# What needs to be done
Up to and including the line that contains "#34=FACE_BOUND('',#33,.T.);", repeat the entries below exactly from the first line on. Do not carry over any pictures.

----

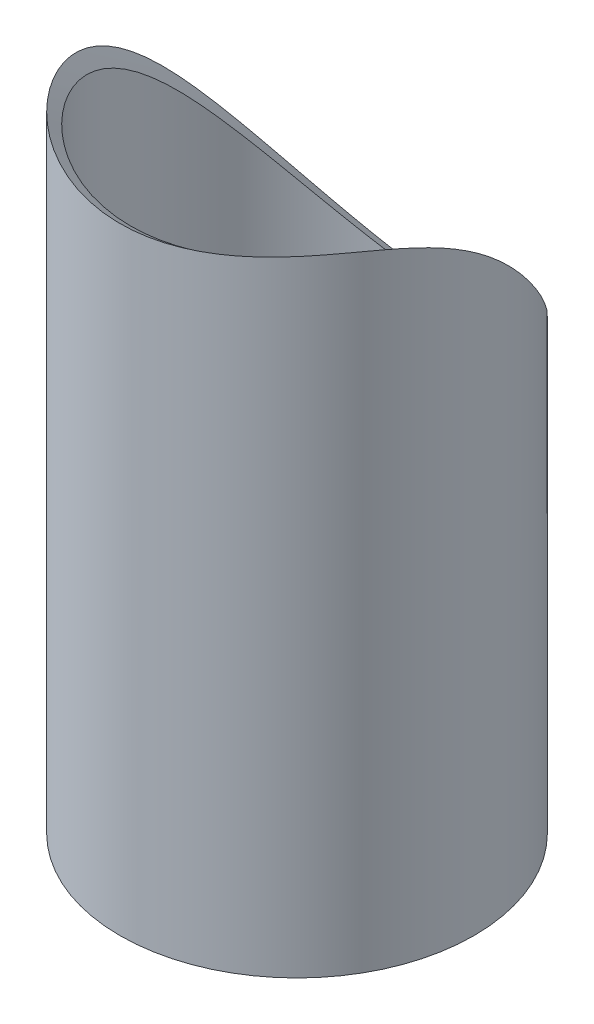
ISO-10303-21;
HEADER;
FILE_DESCRIPTION(('STEP AP214'),'2;1');
FILE_NAME('part.step','',(''),(''),'','','');
FILE_SCHEMA(('AUTOMOTIVE_DESIGN { 1 0 10303 214 1 1 1 1 }'));
ENDSEC;
DATA;
#1=APPLICATION_CONTEXT('core data for automotive mechanical design processes');
#2=APPLICATION_PROTOCOL_DEFINITION('international standard','automotive_design',2000,#1);
#3=PRODUCT_CONTEXT('',#1,'mechanical');
#4=PRODUCT('Part','Part','',(#3));
#5=PRODUCT_RELATED_PRODUCT_CATEGORY('part','',(#4));
#6=PRODUCT_DEFINITION_FORMATION('','',#4);
#7=PRODUCT_DEFINITION_CONTEXT('part definition',#1,'design');
#8=PRODUCT_DEFINITION('design','',#6,#7);
#9=PRODUCT_DEFINITION_SHAPE('','',#8);
#10=(LENGTH_UNIT() NAMED_UNIT(*) SI_UNIT(.MILLI.,.METRE.));
#11=(NAMED_UNIT(*) PLANE_ANGLE_UNIT() SI_UNIT($,.RADIAN.));
#12=(NAMED_UNIT(*) SI_UNIT($,.STERADIAN.) SOLID_ANGLE_UNIT());
#13=UNCERTAINTY_MEASURE_WITH_UNIT(LENGTH_MEASURE(1.E-05),#10,'distance_accuracy_value','');
#14=(GEOMETRIC_REPRESENTATION_CONTEXT(3) GLOBAL_UNCERTAINTY_ASSIGNED_CONTEXT((#13)) GLOBAL_UNIT_ASSIGNED_CONTEXT((#10,
#11,#12)) REPRESENTATION_CONTEXT('',''));
#15=CARTESIAN_POINT('',(0.,0.,0.));
#16=DIRECTION('',(0.,0.,1.));
#17=DIRECTION('',(1.,0.,0.));
#18=AXIS2_PLACEMENT_3D('',#15,#16,#17);
#19=CARTESIAN_POINT('',(0.,0.,0.));
#20=DIRECTION('',(0.,1.,0.));
#21=DIRECTION('',(0.,0.,1.));
#22=AXIS2_PLACEMENT_3D('',#19,#20,#21);
#23=PLANE('',#22);
#24=CARTESIAN_POINT('',(0.,0.,0.));
#25=DIRECTION('',(0.,1.,0.));
#26=DIRECTION('',(0.,0.,1.));
#27=AXIS2_PLACEMENT_3D('',#24,#25,#26);
#28=CIRCLE('',#27,50.);
#29=CARTESIAN_POINT('',(0.,0.,50.));
#30=VERTEX_POINT('',#29);
#31=EDGE_CURVE('E57',#30,#30,#28,.T.);
#32=ORIENTED_EDGE('',*,*,#31,.F.);
#33=EDGE_LOOP('',(#32));
#34=FACE_BOUND('',#33,.T.);
#35=CARTESIAN_POINT('',(0.,0.,0.));
#36=DIRECTION('',(0.,1.,0.));
#37=DIRECTION('',(1.,0.,0.));
#38=AXIS2_PLACEMENT_3D('',#35,#36,#37);
#39=CIRCLE('',#38,47.);
#40=CARTESIAN_POINT('',(47.,0.,0.));
#41=VERTEX_POINT('',#40);
#42=EDGE_CURVE('E91',#41,#41,#39,.T.);
#43=ORIENTED_EDGE('',*,*,#42,.T.);
#44=EDGE_LOOP('',(#43));
#45=FACE_BOUND('',#44,.T.);
#46=ADVANCED_FACE('F78',(#34,#45),#23,.F.);
#47=CARTESIAN_POINT('',(0.,200.,0.));
#48=DIRECTION('',(0.,-1.,0.));
#49=DIRECTION('',(0.,0.,-1.));
#50=AXIS2_PLACEMENT_3D('',#47,#48,#49);
#51=CYLINDRICAL_SURFACE('',#50,50.);
#52=CARTESIAN_POINT('',(0.,104.15792620832,-50.));
#53=CARTESIAN_POINT('',(0.788806087620831,104.157933799452,-49.9999955417674));
#54=CARTESIAN_POINT('',(1.57769231507761,104.188336058884,-49.9812892722332));
#55=CARTESIAN_POINT('',(3.14911275591625,104.309131673315,-49.9069348279691));
#56=CARTESIAN_POINT('',(3.93164621656736,104.399532035348,-49.8512823383784));
#57=CARTESIAN_POINT('',(5.48516003386601,104.638045510306,-49.704349147488));
#58=CARTESIAN_POINT('',(6.25612921699846,104.786211120958,-49.6130360372744));
#59=CARTESIAN_POINT('',(7.78082200161067,105.136617433011,-49.3968826605339));
#60=CARTESIAN_POINT('',(8.53454404154594,105.33886300991,-49.2720393711394));
#61=CARTESIAN_POINT('',(10.1952066274927,105.846289607741,-48.9584435091409));
#62=CARTESIAN_POINT('',(11.0966452274474,106.164486821358,-48.7615697936143));
#63=CARTESIAN_POINT('',(12.8625437496132,106.867499993301,-48.3257994361202));
#64=CARTESIAN_POINT('',(13.726994358212,107.252332608803,-48.0868922866094));
#65=CARTESIAN_POINT('',(15.4174811957132,108.080108257023,-47.571873890137));
#66=CARTESIAN_POINT('',(16.24346212476,108.523131646166,-47.2957111819302));
#67=CARTESIAN_POINT('',(17.8548987521452,109.458420523302,-46.7112129541796));
#68=CARTESIAN_POINT('',(18.6403523647394,109.950688541853,-46.4028757812355));
#69=CARTESIAN_POINT('',(20.5989758577776,111.263773647704,-45.5780501947243));
#70=CARTESIAN_POINT('',(21.7437560487012,112.114568236229,-45.0414667163745));
#71=CARTESIAN_POINT('',(23.39149036538,113.449130852108,-44.1952436385972));
#72=CARTESIAN_POINT('',(23.9293665131367,113.903909807969,-43.9061523277612));
#73=CARTESIAN_POINT('',(24.9829274408408,114.830716244766,-43.3153329849873));
#74=CARTESIAN_POINT('',(25.4986129229226,115.302743179085,-43.0136053534718));
#75=CARTESIAN_POINT('',(26.5096403489486,116.262874123129,-42.3979956931459));
#76=CARTESIAN_POINT('',(27.0049375673057,116.751009643886,-42.0840896013979));
#77=CARTESIAN_POINT('',(27.9749157834355,117.740561603372,-41.4456399895234));
#78=CARTESIAN_POINT('',(28.4495968455875,118.241978000619,-41.1210965026203));
#79=CARTESIAN_POINT('',(29.8438884402143,119.763515461215,-40.1327950505358));
#80=CARTESIAN_POINT('',(30.7340148415765,120.801181475351,-39.4542018023888));
#81=CARTESIAN_POINT('',(32.3460160725744,122.793786049916,-38.1404180357073));
#82=CARTESIAN_POINT('',(33.0755707246591,123.744980302077,-37.5088738251481));
#83=CARTESIAN_POINT('',(34.4815649600617,125.669560713067,-36.2205871664935));
#84=CARTESIAN_POINT('',(35.1579960980747,126.642950368797,-35.5638407364827));
#85=CARTESIAN_POINT('',(36.4614548483428,128.607339664232,-34.2262319568102));
#86=CARTESIAN_POINT('',(37.0884461936335,129.598351589709,-33.5453524251617));
#87=CARTESIAN_POINT('',(38.2953144038239,131.59286029552,-32.1607252099585));
#88=CARTESIAN_POINT('',(38.8751936272657,132.59635644796,-31.4569786736515));
#89=CARTESIAN_POINT('',(39.9911134663435,134.613624965565,-30.025584770355));
#90=CARTESIAN_POINT('',(40.5270797293347,135.627411621375,-29.2978996754105));
#91=CARTESIAN_POINT('',(41.5559132675181,137.659975256035,-27.8193679472551));
#92=CARTESIAN_POINT('',(42.0487795070729,138.678752354178,-27.0685207580752));
#93=CARTESIAN_POINT('',(42.9924310681288,140.717195304658,-25.5431937559186));
#94=CARTESIAN_POINT('',(43.4432370654812,141.73686046896,-24.7687258054707));
#95=CARTESIAN_POINT('',(44.3037488713321,143.773922794198,-23.1944523523802));
#96=CARTESIAN_POINT('',(44.7134566349924,144.79132006077,-22.3946480574448));
#97=CARTESIAN_POINT('',(45.3888867995645,146.551540742501,-20.9830514959319));
#98=CARTESIAN_POINT('',(45.6640218938514,147.295781946774,-20.3775109744298));
#99=CARTESIAN_POINT('',(46.1919351731326,148.779240456074,-19.1507466561188));
#100=CARTESIAN_POINT('',(46.4447139779447,149.518457899858,-18.5295232947235));
#101=CARTESIAN_POINT('',(46.9275691619725,150.990168125668,-17.2701518610891));
#102=CARTESIAN_POINT('',(47.1576406229409,151.722659419834,-16.6320001601032));
#103=CARTESIAN_POINT('',(47.5943613731987,153.178646023309,-15.3376435308361));
#104=CARTESIAN_POINT('',(47.8010106970172,153.902141345878,-14.6814386291709));
#105=CARTESIAN_POINT('',(48.1894229180066,155.335822180042,-13.3513396435347));
#106=CARTESIAN_POINT('',(48.3712503302447,156.046037888753,-12.6774970594271));
#107=CARTESIAN_POINT('',(48.7093929756601,157.452383031288,-11.3089302551525));
#108=CARTESIAN_POINT('',(48.8657073105735,158.148511968392,-10.6142053007789));
#109=CARTESIAN_POINT('',(49.1510873661007,159.523120913622,-9.2026552328283));
#110=CARTESIAN_POINT('',(49.2801661243535,160.201609229287,-8.48584088261945));
#111=CARTESIAN_POINT('',(49.5090519904965,161.53744413393,-7.02835855782333));
#112=CARTESIAN_POINT('',(49.6088628406405,162.194793416209,-6.28769364626892));
#113=CARTESIAN_POINT('',(49.7942865069198,163.619513155911,-4.6228204573585));
#114=CARTESIAN_POINT('',(49.8725220162403,164.381016526795,-3.69271790489871));
#115=CARTESIAN_POINT('',(49.9768594018136,165.858006820847,-1.79372269889005));
#116=CARTESIAN_POINT('',(50.0029658974672,166.573497815953,-0.824833490174102));
#117=CARTESIAN_POINT('',(49.9965035140777,167.947544066395,1.15059307381174));
#118=CARTESIAN_POINT('',(49.964015647843,168.606176615354,2.15707656720963));
#119=CARTESIAN_POINT('',(49.8332790523246,169.857092745435,4.20688215490948));
#120=CARTESIAN_POINT('',(49.7350319027653,170.449377920011,5.25020336369482));
#121=CARTESIAN_POINT('',(49.5321462920375,171.284226205382,6.8453956539696));
#122=CARTESIAN_POINT('',(49.4545298247245,171.555265654746,7.38601402107492));
#123=CARTESIAN_POINT('',(49.2797586831858,172.076634705024,8.47400719187578));
#124=CARTESIAN_POINT('',(49.1826065851463,172.326967030473,9.02138109578683));
#125=CARTESIAN_POINT('',(48.9680158406607,172.806067434162,10.1216415869975));
#126=CARTESIAN_POINT('',(48.8505748748339,173.034833042313,10.6745287977501));
#127=CARTESIAN_POINT('',(48.5948363482654,173.470126669494,11.7841406102277));
#128=CARTESIAN_POINT('',(48.4565416246534,173.676657706971,12.3408646801351));
#129=CARTESIAN_POINT('',(48.158665202145,174.067183079907,13.4564570766135));
#130=CARTESIAN_POINT('',(47.9990855855498,174.251179616543,14.0153251882449));
#131=CARTESIAN_POINT('',(47.6583943947968,174.596656756226,15.1333715890338));
#132=CARTESIAN_POINT('',(47.4772855057717,174.758140161665,15.6925498308713));
#133=CARTESIAN_POINT('',(47.0934292139373,175.058971698856,16.8094488369214));
#134=CARTESIAN_POINT('',(46.8906814123529,175.198319422559,17.36716957408));
#135=CARTESIAN_POINT('',(46.4636673191188,175.455534327552,18.4792468843422));
#136=CARTESIAN_POINT('',(46.2394017388811,175.573402218625,19.0336035680229));
#137=CARTESIAN_POINT('',(45.6073942182718,175.862835140424,20.518090769718));
#138=CARTESIAN_POINT('',(45.179813391309,176.015345571765,21.4436163002726));
#139=CARTESIAN_POINT('',(44.265726160029,176.267474479688,23.2721019005952));
#140=CARTESIAN_POINT('',(43.7792274382782,176.367099843088,24.1750648939097));
#141=CARTESIAN_POINT('',(42.7494105231099,176.520554029561,25.9527199456142));
#142=CARTESIAN_POINT('',(42.2060559292245,176.574353309765,26.8273934175326));
#143=CARTESIAN_POINT('',(41.065612392493,176.643370089826,28.5425375466609));
#144=CARTESIAN_POINT('',(40.4685185781078,176.658584088215,29.3830050930041));
#145=CARTESIAN_POINT('',(39.1577623322847,176.657556498294,31.1121783427853));
#146=CARTESIAN_POINT('',(38.4384491988533,176.637821602075,31.9965983989527));
#147=CARTESIAN_POINT('',(36.9417541202431,176.569008510519,33.7135602342094));
#148=CARTESIAN_POINT('',(36.1643699136105,176.519929171904,34.5460999906131));
#149=CARTESIAN_POINT('',(34.5552460844355,176.400540001356,36.1556391192293));
#150=CARTESIAN_POINT('',(33.723492254225,176.330224602577,36.9326238620515));
#151=CARTESIAN_POINT('',(32.009695445504,176.175527609188,38.4274984498727));
#152=CARTESIAN_POINT('',(31.1276489682791,176.091145035177,39.145384175013));
#153=CARTESIAN_POINT('',(29.1496540077315,175.898230000062,40.6461617693853));
#154=CARTESIAN_POINT('',(28.0443169432404,175.788117504747,41.4165186127912));
#155=CARTESIAN_POINT('',(25.775186410359,175.565788472139,42.8655142224368));
#156=CARTESIAN_POINT('',(24.6113869072692,175.453571718389,43.5441434934378));
#157=CARTESIAN_POINT('',(22.232020529706,175.234362612027,44.8057018928394));
#158=CARTESIAN_POINT('',(21.0164365353331,175.127372012668,45.3885990581966));
#159=CARTESIAN_POINT('',(18.5413788067582,174.924712175895,46.4546328392111));
#160=CARTESIAN_POINT('',(17.2819052064127,174.829042903957,46.9377697590904));
#161=CARTESIAN_POINT('',(14.6687793912857,174.649891362488,47.8206467640988));
#162=CARTESIAN_POINT('',(13.3134501198881,174.567162319319,48.2155880653107));
#163=CARTESIAN_POINT('',(10.5730948478505,174.423629766525,48.8896793999988));
#164=CARTESIAN_POINT('',(9.18806768094115,174.362827119651,49.1688248772529));
#165=CARTESIAN_POINT('',(6.39864475393267,174.266101012014,49.6089782747489));
#166=CARTESIAN_POINT('',(4.99425111286183,174.230174851017,49.7699990170195));
#167=CARTESIAN_POINT('',(2.17647112080676,174.184878279009,49.9725733513155));
#168=CARTESIAN_POINT('',(0.763085023084159,174.175507123396,50.0141302930977));
#169=CARTESIAN_POINT('',(-2.02989044626098,174.183654099159,49.9778505420562));
#170=CARTESIAN_POINT('',(-3.40951739897267,174.200565541333,49.9027076939287));
#171=CARTESIAN_POINT('',(-6.15727893492469,174.259406125772,49.6386224554472));
#172=CARTESIAN_POINT('',(-7.52541367240321,174.30133493173,49.4496815948703));
#173=CARTESIAN_POINT('',(-10.2403566387388,174.408313954667,48.9595527547789));
#174=CARTESIAN_POINT('',(-11.5871667915875,174.473362073165,48.6583749625988));
#175=CARTESIAN_POINT('',(-14.2502602057319,174.623537562984,47.9461144059484));
#176=CARTESIAN_POINT('',(-15.5665432520087,174.708665075687,47.5350308676081));
#177=CARTESIAN_POINT('',(-18.159388433091,174.894745439868,46.6061478583257));
#178=CARTESIAN_POINT('',(-19.4359580369043,174.995695293768,46.088368595287));
#179=CARTESIAN_POINT('',(-21.9414785184774,175.207999037452,44.9495781307964));
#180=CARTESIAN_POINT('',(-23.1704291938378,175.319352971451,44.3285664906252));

----

# The answer
ISO-10303-21;
HEADER;
FILE_DESCRIPTION(('STEP AP214'),'2;1');
FILE_NAME('part.step','',(''),(''),'','','');
FILE_SCHEMA(('AUTOMOTIVE_DESIGN { 1 0 10303 214 1 1 1 1 }'));
ENDSEC;
DATA;
#1=APPLICATION_CONTEXT('core data for automotive mechanical design processes');
#2=APPLICATION_PROTOCOL_DEFINITION('international standard','automotive_design',2000,#1);
#3=PRODUCT_CONTEXT('',#1,'mechanical');
#4=PRODUCT('Part','Part','',(#3));
#5=PRODUCT_RELATED_PRODUCT_CATEGORY('part','',(#4));
#6=PRODUCT_DEFINITION_FORMATION('','',#4);
#7=PRODUCT_DEFINITION_CONTEXT('part definition',#1,'design');
#8=PRODUCT_DEFINITION('design','',#6,#7);
#9=PRODUCT_DEFINITION_SHAPE('','',#8);
#10=(LENGTH_UNIT() NAMED_UNIT(*) SI_UNIT(.MILLI.,.METRE.));
#11=(NAMED_UNIT(*) PLANE_ANGLE_UNIT() SI_UNIT($,.RADIAN.));
#12=(NAMED_UNIT(*) SI_UNIT($,.STERADIAN.) SOLID_ANGLE_UNIT());
#13=UNCERTAINTY_MEASURE_WITH_UNIT(LENGTH_MEASURE(1.E-05),#10,'distance_accuracy_value','');
#14=(GEOMETRIC_REPRESENTATION_CONTEXT(3) GLOBAL_UNCERTAINTY_ASSIGNED_CONTEXT((#13)) GLOBAL_UNIT_ASSIGNED_CONTEXT((#10,
#11,#12)) REPRESENTATION_CONTEXT('',''));
#15=CARTESIAN_POINT('',(0.,0.,0.));
#16=DIRECTION('',(0.,0.,1.));
#17=DIRECTION('',(1.,0.,0.));
#18=AXIS2_PLACEMENT_3D('',#15,#16,#17);
#19=CARTESIAN_POINT('',(0.,0.,0.));
#20=DIRECTION('',(0.,1.,0.));
#21=DIRECTION('',(0.,0.,1.));
#22=AXIS2_PLACEMENT_3D('',#19,#20,#21);
#23=PLANE('',#22);
#24=CARTESIAN_POINT('',(0.,0.,0.));
#25=DIRECTION('',(0.,1.,0.));
#26=DIRECTION('',(0.,0.,1.));
#27=AXIS2_PLACEMENT_3D('',#24,#25,#26);
#28=CIRCLE('',#27,50.);
#29=CARTESIAN_POINT('',(0.,0.,50.));
#30=VERTEX_POINT('',#29);
#31=EDGE_CURVE('E57',#30,#30,#28,.T.);
#32=ORIENTED_EDGE('',*,*,#31,.F.);
#33=EDGE_LOOP('',(#32));
#34=FACE_BOUND('',#33,.T.);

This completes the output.